Elton John features on ‘Fairweather Friends’, surprising given that it’s not even the most piano-heavy track on the album, a proper rock-ballad which closes brilliantly as Homme tails off with “I don’t give a shit about them anyhow…”. After that, ‘Smooth Sailing’ dials up the funk-o-meter to the more deranged end of the spectrum, while ‘I Appear Missing’ is trademark Homme lyricism: “Calling all comas, prisoner on the loose, description: the spitting image of me”. It’s a cliche but …Like Clockwork is one of those rare records which genuinely yields more with repeated listens. When you know what’s coming it’s even more exhilarating than the first time around, and you’ll be craving it like, you know, Nicotine, or Valium, Vicodin, Marijuana, Ecstasy and Alcohol.
Unlike previous QOTSA LP’s, this one has such diversity that, after the first nine tracks, it’s difficult to know where you stand.

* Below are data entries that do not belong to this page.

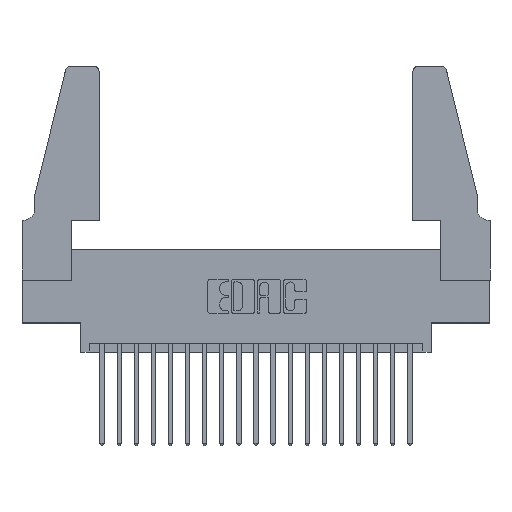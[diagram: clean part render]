
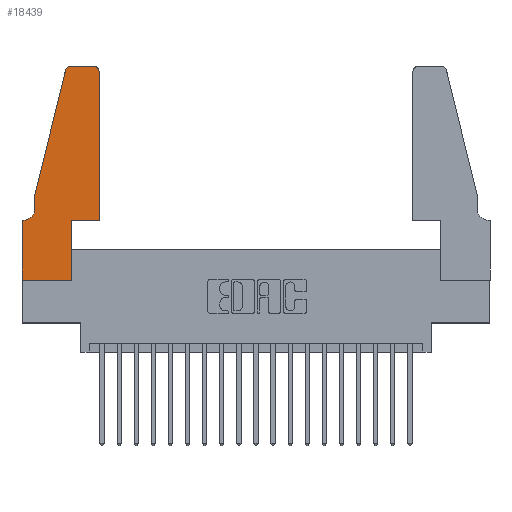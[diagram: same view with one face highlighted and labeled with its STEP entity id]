
A CAD part, top view. The second image highlights one B-rep face of the part: STEP entity #18439.
In plain terms, the highlighted planar face has unit normal (0, 0, 1).
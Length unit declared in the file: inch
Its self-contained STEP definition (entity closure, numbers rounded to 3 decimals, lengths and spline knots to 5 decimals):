
#86 = EDGE_CURVE ( 'NONE', #12670, #4691, #12402, .T. ) ;
#106 = VECTOR ( 'NONE', #12364, 39.37008 ) ;
#202 = CARTESIAN_POINT ( 'NONE',  ( 0., 0.35, 0.37 ) ) ;
#640 = EDGE_CURVE ( 'NONE', #6283, #3578, #16910, .T. ) ;
#690 = ORIENTED_EDGE ( 'NONE', *, *, #14890, .T. ) ;
#1018 = CIRCLE ( 'NONE', #14963, 0.03 ) ;
#1085 = ORIENTED_EDGE ( 'NONE', *, *, #12391, .T. ) ;
#1508 = ORIENTED_EDGE ( 'NONE', *, *, #19530, .T. ) ;
#1676 = DIRECTION ( 'NONE',  ( 0., 1., 0. ) ) ;
#1721 = CARTESIAN_POINT ( 'NONE',  ( 0., 0.35, 0.37 ) ) ;
#1898 = DIRECTION ( 'NONE',  ( 1., 0., 0. ) ) ;
#2205 = LINE ( 'NONE', #5282, #10784 ) ;
#2231 = CARTESIAN_POINT ( 'NONE',  ( 0.0055, 0.42, 0.37 ) ) ;
#2704 = LINE ( 'NONE', #16744, #6575 ) ;
#2729 = ORIENTED_EDGE ( 'NONE', *, *, #640, .T. ) ;
#3204 = VERTEX_POINT ( 'NONE', #19722 ) ;
#3288 = DIRECTION ( 'NONE',  ( 1., 0., 0. ) ) ;
#3501 = CARTESIAN_POINT ( 'NONE',  ( 0.25487, 1.22718, 0.37 ) ) ;
#3571 = ORIENTED_EDGE ( 'NONE', *, *, #5391, .T. ) ;
#3578 = VERTEX_POINT ( 'NONE', #202 ) ;
#3955 = DIRECTION ( 'NONE',  ( -1., 0., 0. ) ) ;
#3972 = LINE ( 'NONE', #9718, #19410 ) ;
#4003 = ORIENTED_EDGE ( 'NONE', *, *, #5955, .T. ) ;
#4100 = ORIENTED_EDGE ( 'NONE', *, *, #7207, .T. ) ;
#4277 = VERTEX_POINT ( 'NONE', #14550 ) ;
#4611 = LINE ( 'NONE', #16953, #5639 ) ;
#4614 = CARTESIAN_POINT ( 'NONE',  ( 0.4505, 0.35, 0.37 ) ) ;
#4664 = CARTESIAN_POINT ( 'NONE',  ( 0.0055, 0.35, 0.37 ) ) ;
#4691 = VERTEX_POINT ( 'NONE', #4614 ) ;
#5010 = DIRECTION ( 'NONE',  ( -1., 0., 0. ) ) ;
#5097 = DIRECTION ( 'NONE',  ( 0., 0., 1. ) ) ;
#5267 = DIRECTION ( 'NONE',  ( 0., 1., 0. ) ) ;
#5282 = CARTESIAN_POINT ( 'NONE',  ( 0., 0., 0.37 ) ) ;
#5359 = ORIENTED_EDGE ( 'NONE', *, *, #10315, .T. ) ;
#5391 = EDGE_CURVE ( 'NONE', #17009, #18453, #10495, .T. ) ;
#5639 = VECTOR ( 'NONE', #7753, 39.37008 ) ;
#5760 = CARTESIAN_POINT ( 'NONE',  ( 0.0755, 0.35, 0.37 ) ) ;
#5815 = CARTESIAN_POINT ( 'NONE',  ( 0.284, 1.25, 0.37 ) ) ;
#5955 = EDGE_CURVE ( 'NONE', #3204, #6283, #9470, .T. ) ;
#6065 = VERTEX_POINT ( 'NONE', #13581 ) ;
#6283 = VERTEX_POINT ( 'NONE', #4664 ) ;
#6394 = DIRECTION ( 'NONE',  ( 0., 0., 1. ) ) ;
#6575 = VECTOR ( 'NONE', #7529, 39.37008 ) ;
#7084 = DIRECTION ( 'NONE',  ( -1., 0., 0. ) ) ;
#7207 = EDGE_CURVE ( 'NONE', #18264, #17009, #15457, .T. ) ;
#7529 = DIRECTION ( 'NONE',  ( 0., -1., 0. ) ) ;
#7548 = EDGE_CURVE ( 'NONE', #6065, #18264, #1018, .T. ) ;
#7753 = DIRECTION ( 'NONE',  ( 0., -1., 0. ) ) ;
#8198 = PLANE ( 'NONE',  #12150 ) ;
#8475 = ORIENTED_EDGE ( 'NONE', *, *, #86, .T. ) ;
#8814 = VERTEX_POINT ( 'NONE', #16225 ) ;
#8869 = VERTEX_POINT ( 'NONE', #10250 ) ;
#8980 = CARTESIAN_POINT ( 'NONE',  ( 0.284, 1.22, 0.37 ) ) ;
#9470 = CIRCLE ( 'NONE', #18804, 0.07 ) ;
#9718 = CARTESIAN_POINT ( 'NONE',  ( 0.4505, 0.35, 0.37 ) ) ;
#10081 = ORIENTED_EDGE ( 'NONE', *, *, #13247, .T. ) ;
#10250 = CARTESIAN_POINT ( 'NONE',  ( 0., 0., 0.37 ) ) ;
#10270 = ORIENTED_EDGE ( 'NONE', *, *, #14771, .T. ) ;
#10315 = EDGE_CURVE ( 'NONE', #18453, #4277, #12470, .T. ) ;
#10430 = LINE ( 'NONE', #16177, #13559 ) ;
#10495 = CIRCLE ( 'NONE', #18756, 0.03 ) ;
#10567 = DIRECTION ( 'NONE',  ( 1., 0., 0. ) ) ;
#10784 = VECTOR ( 'NONE', #1898, 39.37008 ) ;
#10885 = CARTESIAN_POINT ( 'NONE',  ( 0.4205, 1.25, 0.37 ) ) ;
#11287 = CARTESIAN_POINT ( 'NONE',  ( 0.4505, 0.35, 0.37 ) ) ;
#11867 = VECTOR ( 'NONE', #7084, 39.37008 ) ;
#11930 = VECTOR ( 'NONE', #3288, 39.37008 ) ;
#12150 = AXIS2_PLACEMENT_3D ( 'NONE', #1721, #5097, #15963 ) ;
#12364 = DIRECTION ( 'NONE',  ( -0.239, -0.971, 0. ) ) ;
#12391 = EDGE_CURVE ( 'NONE', #8869, #8814, #2205, .T. ) ;
#12402 = LINE ( 'NONE', #11287, #11930 ) ;
#12470 = LINE ( 'NONE', #16885, #106 ) ;
#12482 = ORIENTED_EDGE ( 'NONE', *, *, #7548, .T. ) ;
#12670 = VERTEX_POINT ( 'NONE', #18491 ) ;
#13240 = FACE_OUTER_BOUND ( 'NONE', #18767, .T. ) ;
#13247 = EDGE_CURVE ( 'NONE', #4277, #3204, #2704, .T. ) ;
#13338 = CARTESIAN_POINT ( 'NONE',  ( 0.2605, 1.25, 0.37 ) ) ;
#13373 = DIRECTION ( 'NONE',  ( 0., 0., -1. ) ) ;
#13559 = VECTOR ( 'NONE', #5267, 39.37008 ) ;
#13581 = CARTESIAN_POINT ( 'NONE',  ( 0.4505, 1.22, 0.37 ) ) ;
#14550 = CARTESIAN_POINT ( 'NONE',  ( 0.0755, 0.5, 0.37 ) ) ;
#14771 = EDGE_CURVE ( 'NONE', #4691, #6065, #3972, .T. ) ;
#14890 = EDGE_CURVE ( 'NONE', #8814, #12670, #10430, .T. ) ;
#14963 = AXIS2_PLACEMENT_3D ( 'NONE', #15653, #6394, #17161 ) ;
#15457 = LINE ( 'NONE', #13338, #11867 ) ;
#15653 = CARTESIAN_POINT ( 'NONE',  ( 0.4205, 1.22, 0.37 ) ) ;
#15963 = DIRECTION ( 'NONE',  ( 1., 0., 0. ) ) ;
#16177 = CARTESIAN_POINT ( 'NONE',  ( 0.2865, 0.35, 0.37 ) ) ;
#16225 = CARTESIAN_POINT ( 'NONE',  ( 0.2865, 0., 0.37 ) ) ;
#16744 = CARTESIAN_POINT ( 'NONE',  ( 0.0755, 0.5, 0.37 ) ) ;
#16885 = CARTESIAN_POINT ( 'NONE',  ( 0.0755, 0.5, 0.37 ) ) ;
#16910 = LINE ( 'NONE', #5760, #19451 ) ;
#16953 = CARTESIAN_POINT ( 'NONE',  ( 0., 0., 0.37 ) ) ;
#17009 = VERTEX_POINT ( 'NONE', #5815 ) ;
#17161 = DIRECTION ( 'NONE',  ( 1., 0., 0. ) ) ;
#18264 = VERTEX_POINT ( 'NONE', #10885 ) ;
#18439 = ADVANCED_FACE ( 'NONE', ( #13240 ), #8198, .T. ) ;
#18453 = VERTEX_POINT ( 'NONE', #3501 ) ;
#18491 = CARTESIAN_POINT ( 'NONE',  ( 0.2865, 0.35, 0.37 ) ) ;
#18756 = AXIS2_PLACEMENT_3D ( 'NONE', #8980, #19610, #10567 ) ;
#18767 = EDGE_LOOP ( 'NONE', ( #4100, #3571, #5359, #10081, #4003, #2729, #1508, #1085, #690, #8475, #10270, #12482 ) ) ;
#18804 = AXIS2_PLACEMENT_3D ( 'NONE', #2231, #13373, #3955 ) ;
#19410 = VECTOR ( 'NONE', #1676, 39.37008 ) ;
#19451 = VECTOR ( 'NONE', #5010, 39.37008 ) ;
#19530 = EDGE_CURVE ( 'NONE', #3578, #8869, #4611, .T. ) ;
#19610 = DIRECTION ( 'NONE',  ( 0., 0., 1. ) ) ;
#19722 = CARTESIAN_POINT ( 'NONE',  ( 0.0755, 0.42, 0.37 ) ) ;

What is clear is that the making of the record has been a bit of a journey; even the title is an ironic declaration of its tumultuous origins. What we haven’t been given is any indication of what the future holds for Queens of the Stone Age, and the title-track finale doesn’t exactly clarify that. In a perfect example of exactly what crooning is, Homme sings that “it’s all downhill from here”. Take it either way: downhill on a no holds barred free-fall to funville, or downhill to bad times. Who knows. For now, all we can go on is …Like Clockwork, but that’s alright by me.